His mother was the fourth daughter of James Alexander Guthrie, 4th Baron of Craigie and the former Elinor Stirling (a daughter of Adm. Sir James Stirling, Governor of Western Australia). His aunt, Rose Ellinor Guthrie, was the wife of Hon. Sir Cecil Edward Bingham (a younger son of Charles Bingham, 4th Earl of Lucan). His father was the only son of Maj. James Rennell Rodd of the Duke of Cornwall's Light Infantry, and the former Elizabeth Anne Thomson (a daughter of Dr. Anthony Todd Thomson). Through his father, he was a descendant of Adm. Sir John Tremayne Rodd and the geographer James Rennell.

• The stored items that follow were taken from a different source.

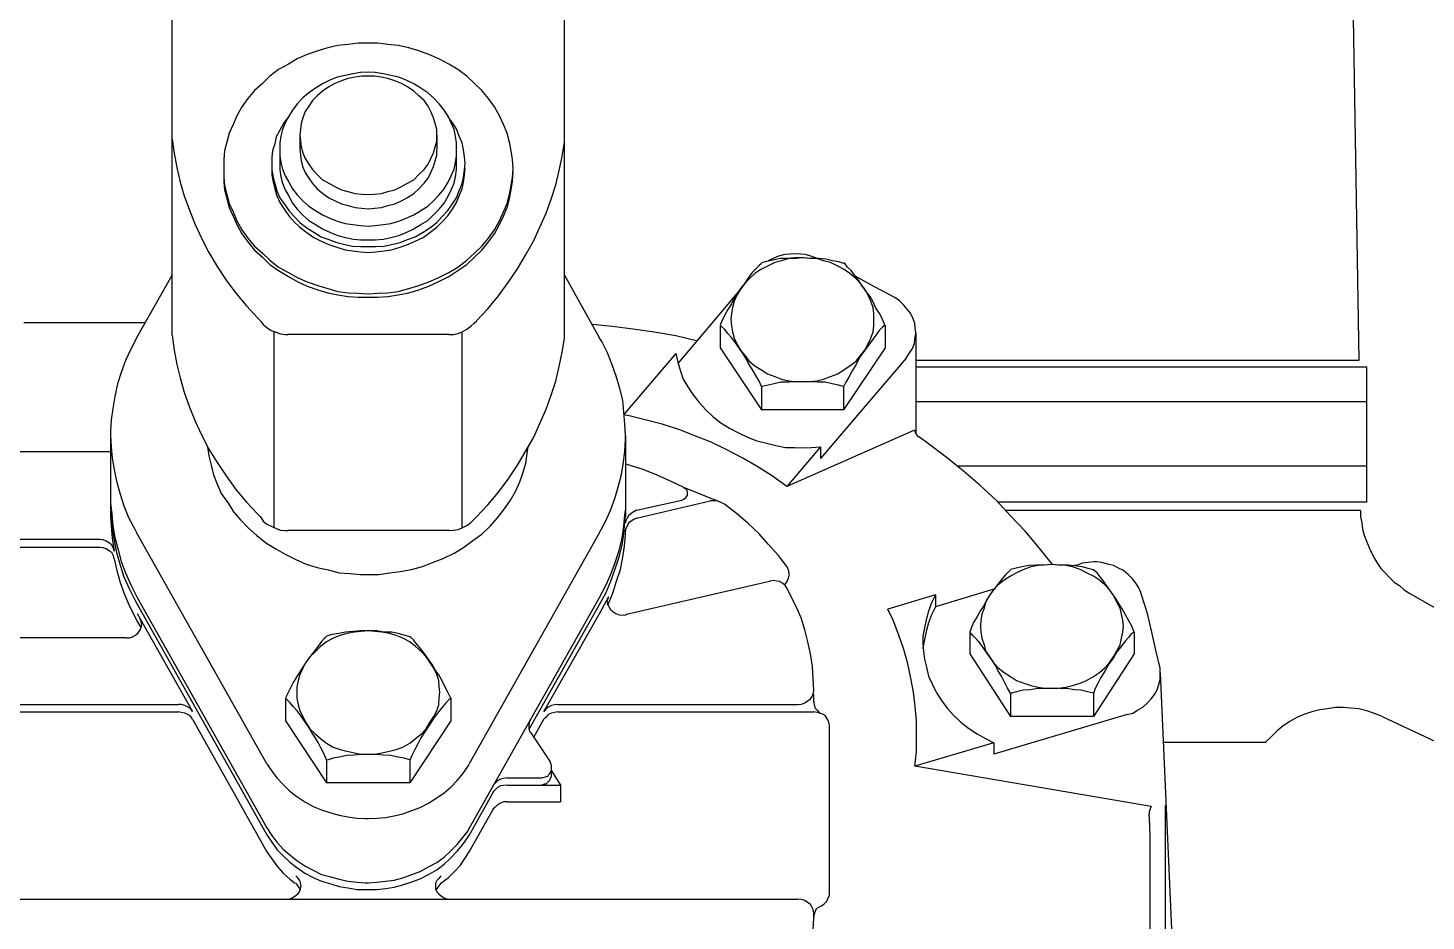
# Model space of a CAD drawing. Extents: x 527 to 1038, y -8 to 315.
# Drawn here: x 850.04 to 855.47, y 71.52 to 74.99 of the extents above; entities that cross this region are included whole.
import ezdxf

# ---------------------------------------------------------------- set-up
doc = ezdxf.new("R2010")
doc.units = 0
doc.header["$MEASUREMENT"] = 0
doc.layers.get('0').update_dxf_attribs({"linetype": 'CONTINUOUS'})

msp = doc.modelspace()

# ---------------------------------------------------------------- linework, layer by layer
for p, q in [((855.1577, 77.0209), (855.2134, 73.6994)), ((850.5965, 73.7982), (850.5965, 75.3152)), ((851.0929, 74.5757), (851.0929, 74.5212)), ((851.626, 74.5757), (851.626, 74.5212)), ((851.0157, 74.5212), (851.0157, 74.4655)), ((851.702, 74.4655), (851.702, 74.5212)), ((850.4585, 73.7893), (850.5965, 74.0312)), ((852.1224, 74.0312), (852.2579, 73.7893)), ((852.7999, 73.9679), (852.5631, 73.688)), ((850.4902, 73.8463), (850.0191, 73.8463)), ((850.9929, 73.0485), (850.9929, 73.8109)), ((851.7248, 73.0485), (851.7248, 73.8109)), ((852.7277, 73.8336), (852.7277, 73.7488)), ((853.3697, 73.8362), (853.3697, 73.7488)), ((853.49, 73.8071), (853.49, 73.417)), ((851.6729, 73.8007), (851.0461, 73.8007)), ((852.5555, 73.726), (852.3529, 73.4879)), ((852.7277, 73.7488), (852.8885, 73.5069)), ((853.452, 73.7083), (853.119, 73.3183)), ((853.3697, 73.7488), (853.2076, 73.5069)), ((855.2134, 73.6994), (853.49, 73.6994)), ((852.8885, 73.5968), (852.8885, 73.5069)), ((853.2076, 73.5968), (853.2076, 73.5069)), ((855.2438, 73.5386), (853.49, 73.5386)), ((853.2076, 73.5069), (852.8885, 73.5069)), ((853.4837, 73.4284), (852.9873, 73.2094)), ((850.3572, 73.4082), (850.3572, 73.1422)), ((852.3605, 73.4082), (852.3605, 73.0929)), ((846.9825, 73.3461), (850.3559, 73.3461)), ((853.119, 73.3638), (852.9873, 73.2094)), ((853.119, 73.3638), (853.119, 73.3183)), ((855.2438, 73.2879), (853.6508, 73.2879)), ((852.4035, 73.1169), (852.5795, 73.1562)), ((852.4035, 73.0865), (852.6897, 73.1536)), ((852.7277, 73.1486), (852.5871, 73.2056)), ((855.2438, 73.1486), (853.8091, 73.1486)), ((855.2198, 73.1157), (853.8395, 73.1157)), ((850.3129, 73.003), (847.1079, 73.003)), ((850.965, 72.1317), (850.4585, 73.0283)), ((851.6729, 73.0384), (851.0461, 73.0384)), ((852.2579, 73.0283), (851.7514, 72.1317)), ((850.3129, 72.9726), (847.1079, 72.9726)), ((852.3643, 72.713), (852.9202, 72.8409)), ((850.4598, 72.7776), (850.965, 71.8823)), ((851.7514, 71.8797), (852.2592, 72.7776)), ((853.566, 72.7889), (853.3811, 72.7332)), ((853.7965, 72.8117), (853.566, 72.7421)), ((853.566, 72.7889), (853.566, 72.7421)), ((856.5139, 72.1571), (855.4085, 72.7953)), ((850.4598, 72.7522), (850.965, 71.8557)), ((851.9856, 72.266), (852.2592, 72.751)), ((852.0426, 72.3343), (852.2617, 72.7193)), ((850.4598, 72.7155), (850.4724, 72.6952)), ((850.4598, 72.6851), (850.4762, 72.6598)), ((850.4724, 72.6952), (850.675, 72.3343)), ((850.4192, 72.6205), (847.0509, 72.6205)), ((853.699, 72.6433), (853.699, 72.5585)), ((854.3384, 72.6433), (854.3384, 72.5585)), ((853.699, 72.5585), (853.8572, 72.3154)), ((854.3384, 72.5585), (854.1801, 72.3154)), ((854.4397, 72.485), (854.522, 70.6248)), ((853.8572, 72.404), (853.8572, 72.3154)), ((854.1801, 72.404), (854.1801, 72.3154)), ((845.9733, 72.3622), (850.6218, 72.3622)), ((851.0372, 72.3863), (851.0372, 72.2989)), ((851.6805, 72.3875), (851.6805, 72.2989)), ((852.0958, 72.3622), (853.0316, 72.3622)), ((845.9137, 72.3331), (850.6218, 72.3331)), ((850.675, 72.3052), (850.965, 71.7886)), ((851.0372, 72.2989), (851.1967, 72.057)), ((851.6805, 72.2989), (851.5209, 72.057)), ((852.0034, 72.2343), (852.0426, 72.3052)), ((852.0958, 72.3331), (853.0924, 72.3331)), ((853.1532, 71.6278), (853.1532, 72.2812)), ((854.3118, 72.323), (853.7927, 72.1685)), ((854.1801, 72.3154), (853.8572, 72.3154)), ((855.3034, 72.3154), (856.1188, 71.9317)), ((851.992, 72.252), (852.0667, 72.1393)), ((853.7927, 72.2128), (853.4862, 72.1216)), ((853.7927, 72.2128), (853.7927, 72.1685)), ((854.8513, 72.214), (854.4499, 72.214)), ((851.1967, 72.1457), (851.1967, 72.057)), ((851.5209, 72.1457), (851.5209, 72.057)), ((854.4055, 71.9659), (853.4862, 72.1216)), ((851.8995, 72.0773), (852.0338, 72.0773)), ((852.0718, 72.1039), (852.1072, 72.0482)), ((851.5209, 72.057), (851.1967, 72.057)), ((851.7514, 71.8532), (851.8476, 72.0254)), ((851.8995, 72.0482), (852.1072, 72.0482)), ((852.1072, 72.0482), (852.1072, 71.9836)), ((851.7514, 71.7886), (851.8476, 71.9583)), ((851.8995, 71.9836), (852.1072, 71.9836)), ((854.4613, 70.3817), (854.4613, 71.9697)), ((854.4017, 71.158), (854.4017, 71.7848)), ((845.9733, 71.605), (853.0316, 71.605))]:
    msp.add_line(p, q)
for points in [[(852.1224, 73.7982), (852.1224, 75.3152), (850.5965, 75.3152)], [(850.7979, 74.4453), (850.7979, 74.4111), (850.8004, 74.3807), (850.8093, 74.3452), (850.8181, 74.3098), (850.8333, 74.2768), (850.8485, 74.2427), (850.8675, 74.2072), (850.8903, 74.1755), (850.9169, 74.1439), (850.9473, 74.116), (850.9764, 74.0894), (851.0106, 74.0628), (851.0486, 74.0413), (851.0828, 74.0223), (851.122, 74.0046), (851.1626, 73.9907), (851.2018, 73.9793), (851.2411, 73.9679), (851.2816, 73.9628), (851.3196, 73.9615), (851.3601, 73.959), (851.3601, 73.959), (851.3956, 73.9615), (851.4361, 73.9628), (851.4753, 73.9679), (851.5171, 73.9793), (851.5564, 73.9907), (851.5956, 74.0046), (851.6336, 74.0223), (851.6729, 74.0413), (851.7083, 74.0628), (851.7425, 74.0894), (851.7729, 74.116), (851.8008, 74.1439), (851.8274, 74.1755), (851.8502, 74.2072), (851.8704, 74.2427), (851.8856, 74.2768), (851.8995, 74.3098), (851.9084, 74.3452), (851.9147, 74.3807), (851.9211, 74.4111), (851.9236, 74.4453), (851.9236, 74.4453), (851.9211, 74.4807), (851.9147, 74.5149), (851.9084, 74.5478), (851.8995, 74.5833), (851.8856, 74.6175), (851.8704, 74.6504), (851.8502, 74.6859), (851.8274, 74.7175), (851.8008, 74.7492), (851.7729, 74.7758), (851.7425, 74.8049), (851.7083, 74.8302), (851.6729, 74.8517), (851.6336, 74.872), (851.5956, 74.8885), (851.5564, 74.9037), (851.5171, 74.9151), (851.4753, 74.9239), (851.4361, 74.9277), (851.3956, 74.9328), (851.3601, 74.9328), (851.3601, 74.9328), (851.3196, 74.9328), (851.2816, 74.9277), (851.2411, 74.9239), (851.2018, 74.9151), (851.1626, 74.9037), (851.122, 74.8885), (851.0828, 74.872), (851.0486, 74.8517), (851.0106, 74.8302), (850.9764, 74.8049), (850.9473, 74.7758), (850.9169, 74.7492), (850.8903, 74.7175), (850.8675, 74.6859), (850.8485, 74.6504), (850.8333, 74.6175), (850.8181, 74.5833), (850.8093, 74.5478), (850.8004, 74.5149), (850.7979, 74.4807), (850.7979, 74.4453)], [(851.0157, 74.5212), (851.0157, 74.4947), (851.0195, 74.4693), (851.0258, 74.4427), (851.0359, 74.4174), (851.0499, 74.3933), (851.065, 74.3668), (851.0828, 74.344), (851.1043, 74.3199), (851.1284, 74.2996), (851.1537, 74.2819), (851.1815, 74.2655), (851.2094, 74.2528), (851.2385, 74.2414), (851.2689, 74.2325), (851.2993, 74.2275), (851.3297, 74.2237), (851.3601, 74.2211), (851.3601, 74.2211), (851.3867, 74.2237), (851.4183, 74.2275), (851.4475, 74.2325), (851.4779, 74.2414), (851.507, 74.2528), (851.5361, 74.2655), (851.564, 74.2819), (851.5906, 74.2996), (851.6134, 74.3199), (851.6349, 74.344), (851.6551, 74.3668), (851.6703, 74.3933), (851.6817, 74.4174), (851.6931, 74.4427), (851.6982, 74.4693), (851.702, 74.4947), (851.702, 74.5212), (851.702, 74.5212), (851.702, 74.5453), (851.6982, 74.5719), (851.6931, 74.5972), (851.6817, 74.6238), (851.6703, 74.6491), (851.6551, 74.6732), (851.6349, 74.6973), (851.6134, 74.7201), (851.5906, 74.7403), (851.564, 74.758), (851.5361, 74.7745), (851.507, 74.7897), (851.4779, 74.8011), (851.4475, 74.8074), (851.4183, 74.8138), (851.3867, 74.8188), (851.3601, 74.8201), (851.3601, 74.8201), (851.3297, 74.8188), (851.2993, 74.8138), (851.2689, 74.8074), (851.2385, 74.8011), (851.2094, 74.7897), (851.1815, 74.7745), (851.1537, 74.758), (851.1284, 74.7403), (851.1043, 74.7201), (851.0828, 74.6973), (851.065, 74.6732), (851.0499, 74.6491), (851.0359, 74.6238), (851.0258, 74.5972), (851.0195, 74.5719), (851.0157, 74.5453), (851.0157, 74.5212)], [(851.0929, 74.5757), (851.0954, 74.5516), (851.098, 74.5301), (851.1043, 74.5073), (851.1144, 74.4845), (851.1284, 74.463), (851.1423, 74.4415), (851.16, 74.4225), (851.1815, 74.4022), (851.2056, 74.3883), (851.2297, 74.3756), (851.255, 74.363), (851.2803, 74.3566), (851.3082, 74.349), (851.3335, 74.3465), (851.3601, 74.3452), (851.3601, 74.3452), (851.3842, 74.3465), (851.4107, 74.349), (851.4361, 74.3566), (851.4627, 74.363), (851.4893, 74.3756), (851.5121, 74.3883), (851.5361, 74.4022), (851.5564, 74.4225), (851.5766, 74.4415), (851.5918, 74.463), (851.6032, 74.4845), (851.6134, 74.5073), (851.6197, 74.5301), (851.626, 74.5516), (851.626, 74.5757), (851.626, 74.5757), (851.626, 74.5972), (851.6197, 74.6213), (851.6134, 74.6428), (851.6032, 74.6669), (851.5918, 74.6884), (851.5766, 74.7099), (851.5564, 74.7289), (851.5361, 74.7466), (851.5121, 74.7631), (851.4893, 74.7758), (851.4627, 74.7872), (851.4361, 74.796), (851.4107, 74.8011), (851.3842, 74.8049), (851.3601, 74.8049), (851.3601, 74.8049), (851.3335, 74.8049), (851.3082, 74.8011), (851.2803, 74.796), (851.255, 74.7872), (851.2297, 74.7758), (851.2056, 74.7631), (851.1815, 74.7466), (851.16, 74.7289), (851.1423, 74.7099), (851.1284, 74.6884), (851.1144, 74.6669), (851.1043, 74.6428), (851.098, 74.6213), (851.0954, 74.5972), (851.0929, 74.5757)], [(851.0486, 74.6466), (851.0309, 74.6238), (851.0157, 74.5947), (851.0017, 74.5694), (850.9954, 74.5415), (850.9865, 74.5149), (850.984, 74.4896), (850.984, 74.4655), (850.984, 74.4655), (850.984, 74.4402), (850.9891, 74.4111), (850.9954, 74.387), (851.0043, 74.3592), (851.0157, 74.3313), (851.0321, 74.3085), (851.0499, 74.2819), (851.0714, 74.2591), (851.0929, 74.2363), (851.1208, 74.2148), (851.1474, 74.1983), (851.1765, 74.1806), (851.2056, 74.1692), (851.2373, 74.1578), (851.2689, 74.1502), (851.298, 74.1439), (851.3297, 74.1426), (851.3601, 74.1426), (851.3601, 74.1426), (851.3892, 74.1426), (851.4209, 74.1439), (851.45, 74.1502), (851.4829, 74.1578), (851.5121, 74.1692), (851.5424, 74.1806), (851.5728, 74.1983), (851.5994, 74.2148), (851.626, 74.2363), (851.6463, 74.2591), (851.6691, 74.2819), (851.6868, 74.3085), (851.702, 74.3313), (851.7134, 74.3592), (851.7248, 74.387), (851.7299, 74.4111), (851.7337, 74.4402), (851.7362, 74.4655), (851.7362, 74.4655), (851.7337, 74.4909), (851.7299, 74.5187), (851.7248, 74.5453), (851.7134, 74.5719), (851.702, 74.5998), (851.6868, 74.6238), (851.6703, 74.6466)], [(850.5965, 74.5592), (850.6041, 74.5048), (850.6142, 74.4491), (850.6282, 74.3933), (850.6434, 74.3389), (850.6636, 74.2844), (850.6864, 74.2287), (850.7105, 74.1743), (850.7396, 74.1186), (850.7713, 74.0654), (850.8067, 74.0122), (850.8447, 73.9615), (850.8852, 73.9122), (850.9296, 73.864), (850.9397, 73.8539)], [(851.0929, 74.5212), (851.0954, 74.4972), (851.098, 74.4757), (851.1043, 74.4516), (851.1144, 74.4301), (851.1284, 74.4085), (851.1423, 74.387), (851.16, 74.3668), (851.1828, 74.349), (851.2056, 74.3313), (851.2309, 74.3199), (851.255, 74.3085), (851.2816, 74.3022), (851.3082, 74.2946), (851.3335, 74.292), (851.3601, 74.2895), (851.3601, 74.2895), (851.3842, 74.292), (851.4107, 74.2946), (851.4361, 74.3022), (851.4627, 74.3085), (851.4893, 74.3199), (851.5121, 74.3326), (851.5361, 74.349), (851.5564, 74.3668), (851.5766, 74.3883), (851.5918, 74.4085), (851.6032, 74.4301), (851.6134, 74.4541), (851.6197, 74.4757), (851.626, 74.4972), (851.626, 74.5212)], [(851.7805, 73.8539), (851.8248, 73.9008), (851.8654, 73.9501), (851.9033, 74.0021), (851.9401, 74.0552), (851.9705, 74.1084), (852.0021, 74.1629), (852.0274, 74.2173), (852.0515, 74.2718), (852.0705, 74.3262), (852.0895, 74.382), (852.1021, 74.4377), (852.1135, 74.4921), (852.1224, 74.5478), (852.1224, 74.5592)], [(850.984, 74.4579), (850.984, 74.4453), (850.984, 74.4453), (850.984, 74.4199), (850.9891, 74.3933), (850.9954, 74.3668), (851.0043, 74.3389), (851.0157, 74.3136), (851.0321, 74.2882), (851.0499, 74.2617), (851.0714, 74.2389), (851.0929, 74.2173), (851.1208, 74.1971), (851.1474, 74.1781), (851.1765, 74.1629), (851.2056, 74.1502), (851.2373, 74.1401), (851.2689, 74.13), (851.298, 74.1262), (851.3297, 74.1224), (851.3601, 74.1198), (851.3601, 74.1198), (851.3892, 74.1224), (851.4209, 74.1262), (851.45, 74.13), (851.4829, 74.1401), (851.5121, 74.1502), (851.5424, 74.1629), (851.5728, 74.1781), (851.5994, 74.1971), (851.626, 74.2173), (851.6463, 74.2389), (851.6691, 74.2617), (851.6868, 74.2882), (851.702, 74.3136), (851.7134, 74.3389), (851.7248, 74.3668), (851.7299, 74.3933), (851.7337, 74.4199), (851.7362, 74.4453)], [(851.0157, 74.4655), (851.0157, 74.4402), (851.0195, 74.4136), (851.0258, 74.3883), (851.0359, 74.363), (851.0499, 74.3376), (851.065, 74.311), (851.0828, 74.2882), (851.1043, 74.2642), (851.1284, 74.2439), (851.1537, 74.2275), (851.1815, 74.211), (851.2119, 74.1971), (851.2411, 74.1857), (851.2702, 74.1781), (851.3018, 74.1717), (851.331, 74.1679), (851.3601, 74.1679), (851.3601, 74.1679), (851.3867, 74.1679), (851.4183, 74.1717), (851.4475, 74.1781), (851.4779, 74.1857), (851.507, 74.1971), (851.5361, 74.211), (851.564, 74.2275), (851.5906, 74.2439), (851.6134, 74.2655), (851.6349, 74.2882), (851.6551, 74.311), (851.6703, 74.3376), (851.6817, 74.363), (851.6931, 74.3883), (851.6982, 74.4136), (851.702, 74.4415), (851.702, 74.4655)], [(850.7979, 74.4377), (850.7979, 74.4313), (850.7979, 74.4313), (850.7979, 74.3959), (850.8004, 74.363), (850.8093, 74.3288), (850.8181, 74.2946), (850.8333, 74.2604), (850.8485, 74.2275), (850.8675, 74.192), (850.8903, 74.1604), (850.9169, 74.1287), (850.9473, 74.1008), (850.9764, 74.073), (851.0106, 74.0489), (851.0486, 74.0261), (851.0828, 74.0059), (851.122, 73.9881), (851.1626, 73.9742), (851.2018, 73.9628), (851.2411, 73.9552), (851.2816, 73.9476), (851.3196, 73.9451), (851.3601, 73.9451), (851.3601, 73.9451), (851.3956, 73.9451), (851.4361, 73.9476), (851.4753, 73.9552), (851.5171, 73.9628), (851.5564, 73.9742), (851.5956, 73.9881), (851.6336, 74.0059), (851.6729, 74.0261), (851.7083, 74.0489), (851.7425, 74.073), (851.7729, 74.1008), (851.8008, 74.1287), (851.8274, 74.1604), (851.8502, 74.192), (851.8704, 74.2275), (851.8856, 74.2604), (851.8995, 74.2946), (851.9084, 74.3288), (851.9147, 74.363), (851.9211, 74.3959), (851.9236, 74.4313)], [(852.8885, 74.0768), (852.8797, 74.0692), (852.867, 74.0552), (852.8531, 74.0413), (852.8391, 74.0223), (852.8239, 73.9995), (852.8075, 73.9793), (852.7935, 73.9565), (852.7834, 73.9413), (852.7834, 73.9413), (852.772, 73.9198), (852.7581, 73.897), (852.7454, 73.8742), (852.734, 73.8501), (852.7277, 73.8362)], [(853.0493, 73.6171), (853.0759, 73.6171), (853.1038, 73.6209), (853.1304, 73.6272), (853.1582, 73.6374), (853.1861, 73.6475), (853.2102, 73.664), (853.233, 73.6792), (853.257, 73.6969), (853.2747, 73.7184), (853.2912, 73.7399), (853.3039, 73.764), (853.314, 73.7868), (853.3229, 73.8109), (853.3267, 73.8336), (853.3267, 73.859), (853.3267, 73.859), (853.3267, 73.8818), (853.3229, 73.9058), (853.314, 73.9299), (853.3039, 73.9527), (853.2912, 73.9767), (853.2747, 73.9983), (853.257, 74.0173), (853.233, 74.0375), (853.2102, 74.0527), (853.1861, 74.0666), (853.1582, 74.0806), (853.1304, 74.0869), (853.1038, 74.0958), (853.0759, 74.0958), (853.0493, 74.0983), (853.0493, 74.0983), (853.0227, 74.0958), (852.9949, 74.0958), (852.967, 74.0869), (852.9404, 74.0806), (852.9126, 74.0666), (852.886, 74.0527), (852.8632, 74.0375), (852.8417, 74.0173), (852.8239, 73.9983), (852.8075, 73.9767), (852.7935, 73.9527), (852.7822, 73.9299), (852.7758, 73.9058), (852.772, 73.8818), (852.7695, 73.859), (852.7695, 73.859), (852.772, 73.8336), (852.7758, 73.8109), (852.7822, 73.7868), (852.7935, 73.764), (852.8075, 73.7399), (852.8239, 73.7184), (852.8417, 73.6969), (852.8632, 73.6792), (852.886, 73.664), (852.9126, 73.6475), (852.9404, 73.6374), (852.967, 73.6272), (852.9949, 73.6209), (853.0227, 73.6171), (853.0493, 73.6171)], [(853.2076, 74.0768), (853.1899, 74.0831), (853.1658, 74.0869), (853.1392, 74.0932), (853.1114, 74.0958), (853.081, 74.0958), (853.0519, 74.0983), (853.0468, 74.0983), (853.0468, 74.0983), (853.0189, 74.0983), (852.9886, 74.0958), (852.962, 74.0958), (852.9341, 74.0894), (852.9088, 74.0844), (852.8885, 74.0793)], [(853.1051, 74.0958), (853.081, 74.1046), (853.0607, 74.111), (853.0405, 74.1122), (853.0202, 74.1135), (853.0202, 74.1135), (853.0012, 74.1122), (852.9797, 74.111), (852.9556, 74.1046), (852.9341, 74.0958), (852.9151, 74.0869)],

He was educated at Wellington College and Balliol College, Oxford.

==Career==
Rodd followed no specific career and his views were erratic and changeable; having joined the British Union of Fascists in 1933, by the following year he was fiercely denouncing the movement. In 1938 he carried out humanitarian work in Perpignan on behalf of refugees from the Spanish Civil War. He was commissioned into the Welsh Guards in 1939, and during a varied war career saw service in Africa and Italy, attaining the rank of lieutenant-colonel. He was a major in the Welsh Guards reserve of officers, with the honorary rank of lieutenant-colonel, from 1951 until he reached the age limit in 1954. After the war he attempted unsuccessfully to become a film-maker; his one completed project, For Whom the Gate Tolls, shot in Spain, was a failure. Other than this, for the remainder of his years he lived a more or less idle life, mainly on handouts, mostly in Rome and finally in Malta, where he died in 1968.

==Personal life==
In 1933, Rodd was married to the novelist and socialite Nancy Mitford, daughter of David Freeman-Mitford, 2nd Baron Redesdale and one of the famous Mitford sisters. They divorced in 1957, although by then the marriage had been over in all but name for some years. Nancy, who was called "unabashedly snobbish and devastatingly witty" and her family nicknamed him "Prodd" or "the old toll-gater", from his skill at talking at great length on historical subjects such as turnpike roads.

Rodd died in Malta on 17 July 1968. Nancy died at her home in Versailles, France, in 1973.

==In media==
Rodd was portrayed by Jamie Blackley in the UKTV series Outrageous (2025).